'''

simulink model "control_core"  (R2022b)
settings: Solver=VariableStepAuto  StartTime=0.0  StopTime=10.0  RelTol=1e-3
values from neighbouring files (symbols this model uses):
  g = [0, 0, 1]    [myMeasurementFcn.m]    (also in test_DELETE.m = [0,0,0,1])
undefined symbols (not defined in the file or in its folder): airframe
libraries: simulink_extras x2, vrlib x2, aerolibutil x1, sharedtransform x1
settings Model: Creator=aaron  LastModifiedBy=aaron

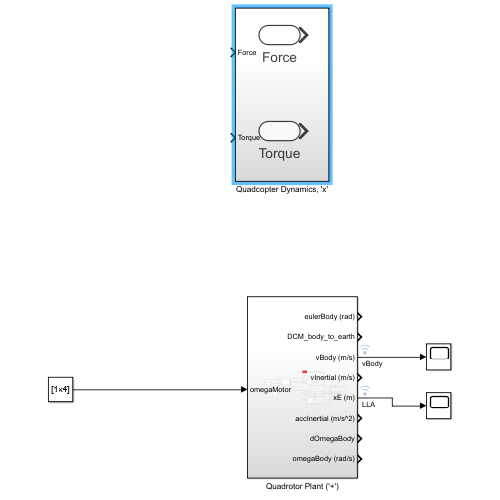
[thumbnail: Simulink's stored preview of the top-level diagram]
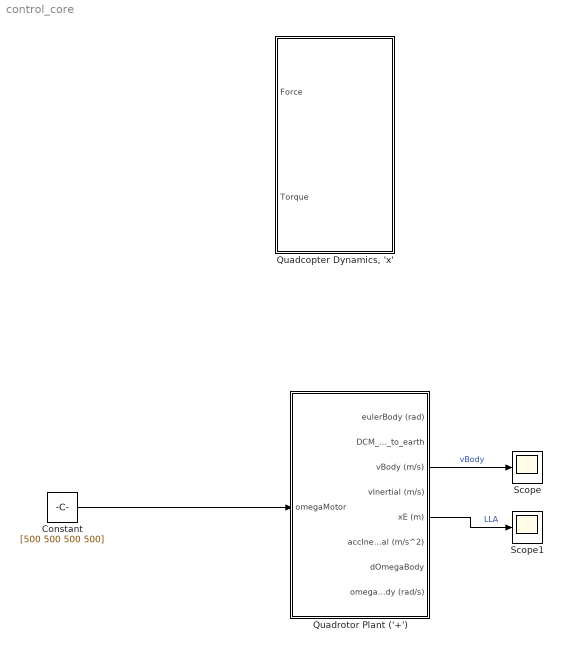
== system control_core ==
  Constant : Constant  Value=[500 500 500 500]
  "Quadcopter Dynamics, 'x'" : Subsystem
  Quadrotor Plant ('+') : Subsystem
  Scope : Scope
  Scope1 : Scope
  wires:
  Constant/1 -> Quadrotor Plant ('+')/1(omegaMotor)
  Quadrotor Plant ('+')/3(vBody (m/s)) -> Scope/1  "vBody"
  Quadrotor Plant ('+')/5(xE (m)) -> Scope1/1  "LLA"

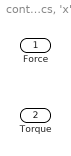
== system control_core/Quadcopter Dynamics, 'x' ==
  Force : Inport
  Torque : Inport  Port=2

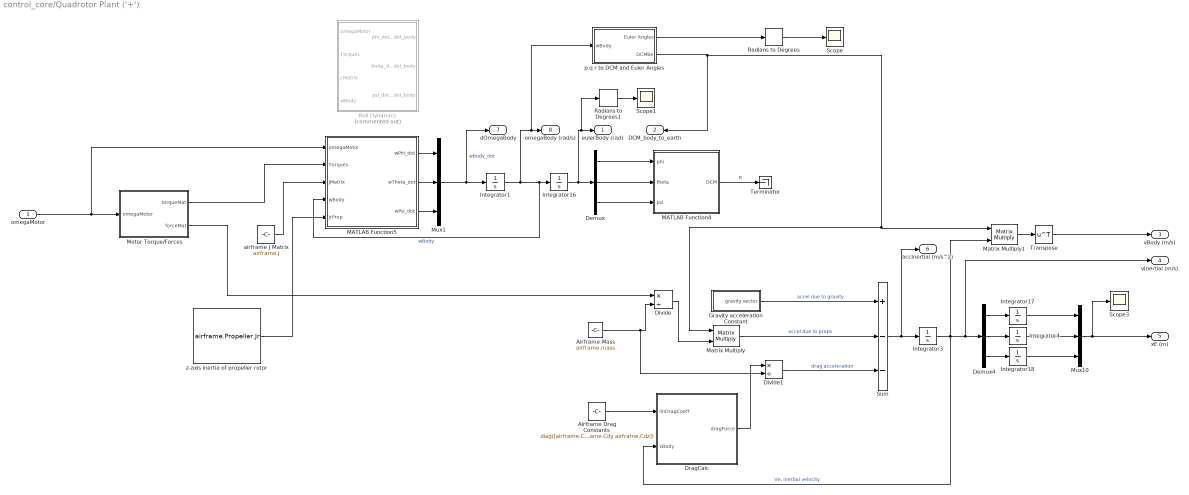
== system control_core/Quadrotor Plant ('+') ==
  omegaMotor : Inport
  Airframe Drag Constants : Constant  Value=diag([airframe.Cdx airframe.Cdy airframe.Cdz])
  Airframe Mass : Constant  Value=airframe.mass
  Demux : Demux  Outputs=3
  Demux4 : Demux  Outputs=3
  Divide : Product  Inputs=*/
  Divide1 : Product  Inputs=*/
  DragCalc : Subsystem
  Gravity acceleration Constant : Subsystem
  Integrator1 : Integrator  InitialCondition=[0 0 0]
  Integrator16 : Integrator  WrapState=on
  Integrator17 : Integrator
  Integrator18 : Integrator  LimitOutput=on  UpperSaturationLimit=0
  Integrator3 : Integrator
  Integrator4 : Integrator
  MATLAB Function4 : MATLAB Function  TreatAsAtomicUnit=on
  MATLAB Function5 : MATLAB Function  TreatAsAtomicUnit=on
  Matrix Multiply : Product  Multiplication=Matrix(*)
  Matrix Multiply1 : Product  Multiplication=Matrix(*)
  Motor Torque/Forces : Subsystem
  Mux1 : Mux  Inputs=3
  Mux10 : Mux  Inputs=3
  Radians to Degrees : simulink_extras/Transformations/Radians to Degrees
  Radians to Degrees1 : simulink_extras/Transformations/Radians to Degrees
  Roll Dynamics : Subsystem  Commented=on
  Scope : Scope
  Scope1 : Scope
  Scope3 : Scope
  Sum : Sum  Inputs=+--
  Terminator : Terminator
  Transpose : Math  Operator=transpose
  airframe J Matrix : Constant  Value=airframe.J
  p q r to DCM and Euler Angles : Subsystem
  z-axis inertia of propeller rotor : Constant  Value=airframe.Propeller.Jr
  eulerBody (rad) : Outport
  DCM_body_to_earth : Outport  Port=2
  vBody (m/s) : Outport  Port=3
  vInertial (m/s) : Outport  Port=4
  xE (m) : Outport  Port=5
  accInertial (m/s^2) : Outport  Port=6
  dOmegaBody : Outport  Port=7
  omegaBody (rad/s) : Outport  Port=8
  wires:
  Motor Torque/Forces/1(torqueMat) -> MATLAB Function5/2(Torques)
  omegaMotor/1 -> MATLAB Function5/1(omegaMotor), Motor Torque/Forces/1(omegaMotor)
  Integrator1/1 -> p q r to DCM and Euler Angles/1(wBody), omegaBody (rad/s)/1, MATLAB Function5/4(wBody), Integrator16/1  "wBody"
  Motor Torque/Forces/2(forceMat) -> Divide/1
  Airframe Mass/1 -> Divide1/2, Divide/2
  Divide/1 -> Matrix Multiply/2
  Matrix Multiply/1 -> Sum/2  "accel due to props"
  Gravity acceleration Constant/1(gravity vector) -> Sum/1  "accel due to gravity"
  DragCalc/1(dragForce) -> Divide1/1
  Sum/1 -> Integrator3/1, accInertial (m/s^2)/1
  Integrator3/1 -> Matrix Multiply1/2, vInertial (m/s)/1, Demux4/1, DragCalc/2(vBody)  "Ve, inertial velocity"
  Airframe Drag Constants/1 -> DragCalc/1(linDragCoeff)
  Matrix Multiply1/1 -> Transpose/1
  Mux10/1 -> Scope3/1, xE (m)/1
  Mux1/1 -> dOmegaBody/1, Integrator1/1  "wBody_dot"
  Demux/1 -> MATLAB Function4/1(phi)
  Demux/2 -> MATLAB Function4/2(theta)
  Demux/3 -> MATLAB Function4/3(psi)
  Integrator16/1 -> Demux/1, Radians to Degrees1/1, eulerBody (rad)/1
  Demux4/1 -> Integrator17/1
  Demux4/2 -> Integrator4/1
  Demux4/3 -> Integrator18/1
  Integrator4/1 -> Mux10/2
  Integrator17/1 -> Mux10/1
  p q r to DCM and Euler Angles/1(Euler Angles) -> Radians to Degrees/1
  airframe J Matrix/1 -> MATLAB Function5/3(JMatrix)
  MATLAB Function5/1(wPhi_dot) -> Mux1/1
  MATLAB Function5/2(wTheta_dot) -> Mux1/2
  MATLAB Function5/3(wPsi_dot) -> Mux1/3
  z-axis inertia of propeller rotor/1 -> MATLAB Function5/5(JrProp)
  Transpose/1 -> vBody (m/s)/1
  Radians to Degrees/1 -> Scope/1
  p q r to DCM and Euler Angles/2(DCMbe) -> Matrix Multiply/1, Matrix Multiply1/1, DCM_body_to_earth/1
  MATLAB Function4/1(DCM) -> Terminator/1  "R"
  Radians to Degrees1/1 -> Scope1/1
  Integrator18/1 -> Mux10/3
  Divide1/1 -> Sum/3  "drag acceleration"

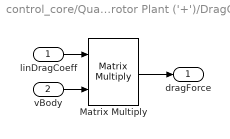
== system control_core/Quadrotor Plant ('+')/DragCalc ==
  linDragCoeff : Inport
  vBody : Inport  Port=2
  Matrix Multiply : Product  Multiplication=Matrix(*)
  dragForce : Outport
  wires:
  linDragCoeff/1 -> Matrix Multiply/1
  vBody/1 -> Matrix Multiply/2
  Matrix Multiply/1 -> dragForce/1

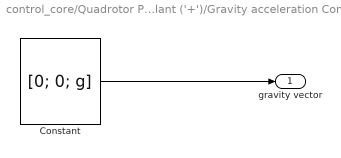
== system control_core/Quadrotor Plant ('+')/Gravity acceleration Constant ==
  Constant : Constant  Value=[0; 0; g]
  gravity vector : Outport
  wires:
  Constant/1 -> gravity vector/1

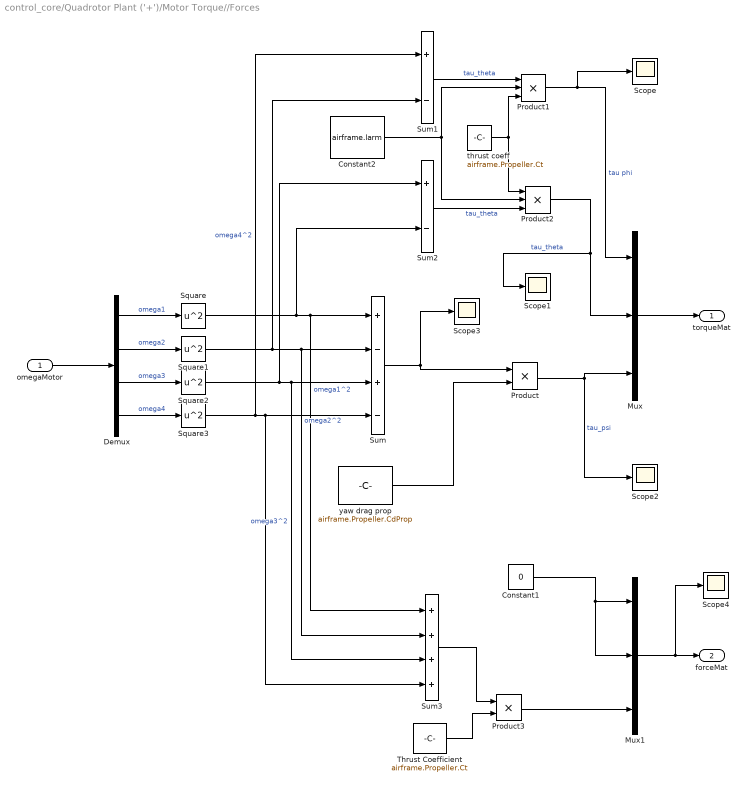
== system control_core/Quadrotor Plant ('+')/Motor Torque//Forces ==
  omegaMotor : Inport
  Constant1 : Constant  Value=0
  Constant2 : Constant  Value=airframe.larm
  Demux : Demux
  Mux : Mux  Inputs=3
  Mux1 : Mux  Inputs=3
  Product : Product
  Product1 : Product  Inputs=3
  Product2 : Product  Inputs=3
  Product3 : Product
  Scope{,1..4} (5 alike) : Scope
  Square{,1..3} (4 alike) : Math  Operator=square
  Sum : Sum  Inputs=+-+-
  Sum1 : Sum  Inputs=+-
  Sum2 : Sum  Inputs=+-
  Sum3 : Sum  Inputs=++++
  Thrust Coefficient : Constant  Value=airframe.Propeller.Ct
  thrust coeff : Constant  Value=airframe.Propeller.Ct
  yaw drag prop : Constant  Value=airframe.Propeller.CdProp
  torqueMat : Outport
  forceMat : Outport  Port=2
  wires:
  omegaMotor/1 -> Demux/1
  Demux/1 -> Square/1  "omega1"
  Demux/2 -> Square1/1  "omega2"
  Demux/3 -> Square2/1  "omega3"
  Demux/4 -> Square3/1  "omega4"
  Square2/1 -> Sum2/1, Sum3/3, Sum/3  "omega3^2"
  Square1/1 -> Sum1/2, Sum3/2, Sum/2  "omega2^2"
  Square/1 -> Sum2/2, Sum3/1, Sum/1  "omega1^2"
  Square3/1 -> Sum1/1, Sum3/4, Sum/4  "omega4^2"
  Sum/1 -> Scope3/1, Product/1
  Product/1 -> Mux/3, Scope2/1  "tau_psi"
  yaw drag prop/1 -> Product/2
  Product2/1 -> Mux/2, Scope1/1  "tau_theta"
  Product1/1 -> Scope/1, Mux/1  "tau phi"
  Constant2/1 -> Product2/2, Product1/2
  Sum1/1 -> Product1/1  "tau_theta"
  Mux/1 -> torqueMat/1
  Sum3/1 -> Product3/1
  Thrust Coefficient/1 -> Product3/2
  Mux1/1 -> Scope4/1, forceMat/1
  Product3/1 -> Mux1/3
  Constant1/1 -> Mux1/2, Mux1/1
  Sum2/1 -> Product2/3  "tau_theta"
  thrust coeff/1 -> Product1/3, Product2/1

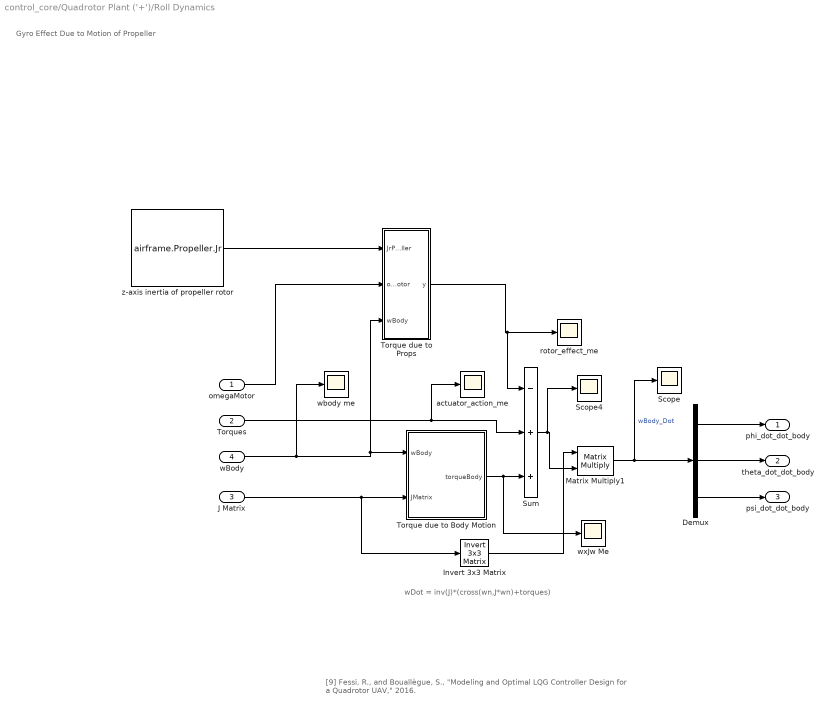
== system control_core/Quadrotor Plant ('+')/Roll Dynamics ==
  note: Gyro Effect Due to Motion of Propeller
  note: [9] Fessi, R., and Bouallègue, S., "Modeling and Optimal LQG Controller Design for a Quadrotor UAV," 2016.
  note: wDot = inv(J)*(cross(wn,J*wn)+torques)
  omegaMotor : Inport
  Torques : Inport  Port=2
  J Matrix : Inport  Port=3
  wBody : Inport  Port=4
  Demux : Demux  Outputs=3
  Invert 3x3 Matrix : aerolibutil/Invert  3x3 Matrix
  Matrix Multiply1 : Product  Multiplication=Matrix(*)
  Scope : Scope
  Scope4 : Scope
  Sum : Sum  Inputs=-++
  Torque due to Body Motion : Subsystem
  Torque due to Props : Subsystem
  actuator_action_me : Scope
  rotor_effect_me : Scope
  wbody me : Scope
  wxJw Me : Scope
  z-axis inertia of propeller rotor : Constant  Value=airframe.Propeller.Jr
  phi_dot_dot_body : Outport
  theta_dot_dot_body : Outport  Port=2
  psi_dot_dot_body : Outport  Port=3
  wires:
  wBody/1 -> wbody me/1, Torque due to Props/3(wBody), Torque due to Body Motion/1(wBody)
  J Matrix/1 -> Invert 3x3 Matrix/1, Torque due to Body Motion/2(JMatrix)
  Invert 3x3 Matrix/1 -> Matrix Multiply1/1
  Sum/1 -> Scope4/1, Matrix Multiply1/2
  Matrix Multiply1/1 -> Scope/1, Demux/1  "wBody_Dot"
  Demux/1 -> phi_dot_dot_body/1
  Demux/2 -> theta_dot_dot_body/1
  Demux/3 -> psi_dot_dot_body/1
  Torques/1 -> actuator_action_me/1, Sum/2
  z-axis inertia of propeller rotor/1 -> Torque due to Props/1(JrPropeller)
  omegaMotor/1 -> Torque due to Props/2(omegaMotor)
  Torque due to Props/1(y) -> Sum/1, rotor_effect_me/1
  Torque due to Body Motion/1(torqueBody) -> wxJw Me/1, Sum/3

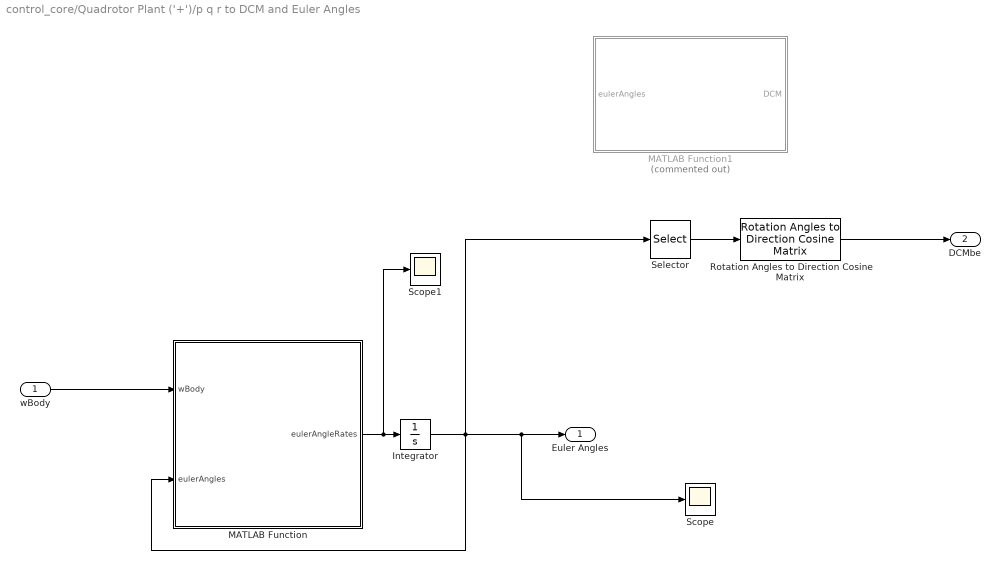
== system control_core/Quadrotor Plant ('+')/p q r to DCM and Euler Angles ==
  wBody : Inport
  Integrator : Integrator  WrapState=on
  MATLAB Function : MATLAB Function  TreatAsAtomicUnit=on
  MATLAB Function1 : MATLAB Function  Commented=on  TreatAsAtomicUnit=on
  Rotation Angles to Direction Cosine Matrix : sharedtransform/Rotation Angles to Direction Cosine Matrix  rotationOrder=ZYX  aMode=aMode
  Scope : Scope
  Scope1 : Scope
  Selector : Selector  InputPortWidth=3  IndexOptions=Index vector (dialog)  Indices=[3 2 1]  OutputSizes=1
  Euler Angles : Outport
  DCMbe : Outport  Port=2
  wires:
  wBody/1 -> MATLAB Function/1(wBody)
  MATLAB Function/1(eulerAngleRates) -> Scope1/1, Integrator/1
  Selector/1 -> Rotation Angles to Direction Cosine Matrix/1
  Integrator/1 -> Selector/1, Scope/1, Euler Angles/1, MATLAB Function/2(eulerAngles)
  Rotation Angles to Direction Cosine Matrix/1 -> DCMbe/1

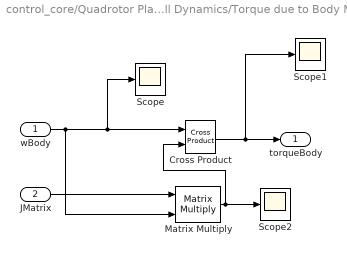
== system control_core/Quadrotor Plant ('+')/Roll Dynamics/Torque due to Body Motion ==
  wBody : Inport
  JMatrix : Inport  Port=2
  Cross Product : vrlib/Utilities/Cross Product
  Matrix Multiply : Product  Multiplication=Matrix(*)
  Scope : Scope
  Scope1 : Scope
  Scope2 : Scope
  torqueBody : Outport
  wires:
  Matrix Multiply/1 -> Cross Product/2, Scope2/1
  wBody/1 -> Matrix Multiply/2, Scope/1, Cross Product/1
  JMatrix/1 -> Matrix Multiply/1
  Cross Product/1 -> Scope1/1, torqueBody/1

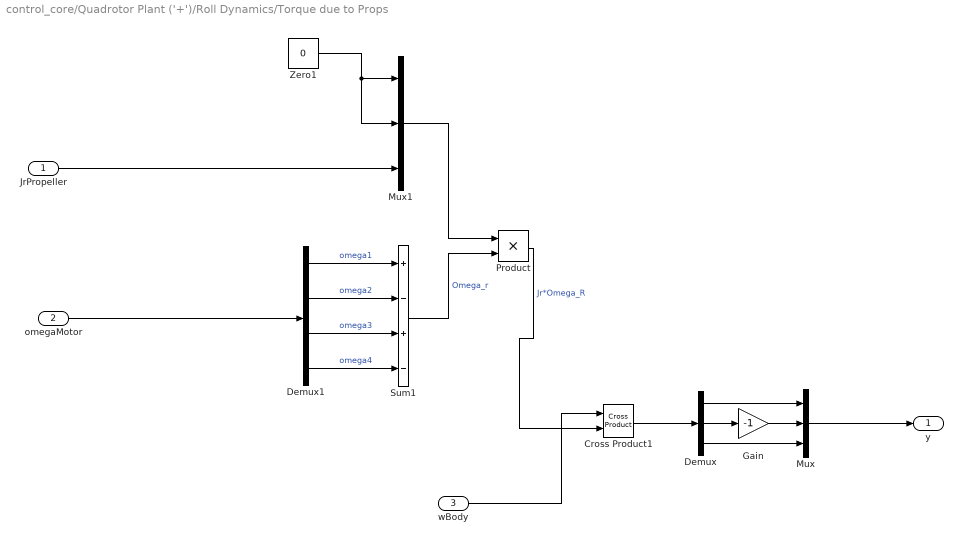
== system control_core/Quadrotor Plant ('+')/Roll Dynamics/Torque due to Props ==
  JrPropeller : Inport
  omegaMotor : Inport  Port=2
  wBody : Inport  Port=3
  Cross Product1 : vrlib/Utilities/Cross Product
  Demux : Demux  Outputs=3
  Demux1 : Demux
  Gain : Gain  Gain=-1
  Mux : Mux  Inputs=3
  Mux1 : Mux  Inputs=3
  Product : Product
  Sum1 : Sum  Inputs=+-+-
  Zero1 : Constant  Value=0  OutDataTypeStr=Inherit: Inherit via back propagation
  y : Outport
  wires:
  Demux1/1 -> Sum1/1  "omega1"
  Demux1/2 -> Sum1/2  "omega2"
  Zero1/1 -> Mux1/2, Mux1/1
  Demux1/4 -> Sum1/4  "omega4"
  Product/1 -> Cross Product1/2  "Jr*Omega_R"
  Sum1/1 -> Product/2  "Omega_r"
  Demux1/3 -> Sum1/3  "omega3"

'''

The stretch above running from the line with "undefined symbols (not" through the line with "Integrator17 : Integrator" is all you should copy, exactly, leaving out the pictures.

§ OUTPUT BELOW
undefined symbols (not defined in the file or in its folder): airframe
libraries: simulink_extras x2, vrlib x2, aerolibutil x1, sharedtransform x1
settings Model: Creator=aaron  LastModifiedBy=aaron

[thumbnail: Simulink's stored preview of the top-level diagram]
== system control_core ==
  Constant : Constant  Value=[500 500 500 500]
  "Quadcopter Dynamics, 'x'" : Subsystem
  Quadrotor Plant ('+') : Subsystem
  Scope : Scope
  Scope1 : Scope
  wires:
  Constant/1 -> Quadrotor Plant ('+')/1(omegaMotor)
  Quadrotor Plant ('+')/3(vBody (m/s)) -> Scope/1  "vBody"
  Quadrotor Plant ('+')/5(xE (m)) -> Scope1/1  "LLA"

== system control_core/Quadcopter Dynamics, 'x' ==
  Force : Inport
  Torque : Inport  Port=2

== system control_core/Quadrotor Plant ('+') ==
  omegaMotor : Inport
  Airframe Drag Constants : Constant  Value=diag([airframe.Cdx airframe.Cdy airframe.Cdz])
  Airframe Mass : Constant  Value=airframe.mass
  Demux : Demux  Outputs=3
  Demux4 : Demux  Outputs=3
  Divide : Product  Inputs=*/
  Divide1 : Product  Inputs=*/
  DragCalc : Subsystem
  Gravity acceleration Constant : Subsystem
  Integrator1 : Integrator  InitialCondition=[0 0 0]
  Integrator16 : Integrator  WrapState=on
  Integrator17 : Integrator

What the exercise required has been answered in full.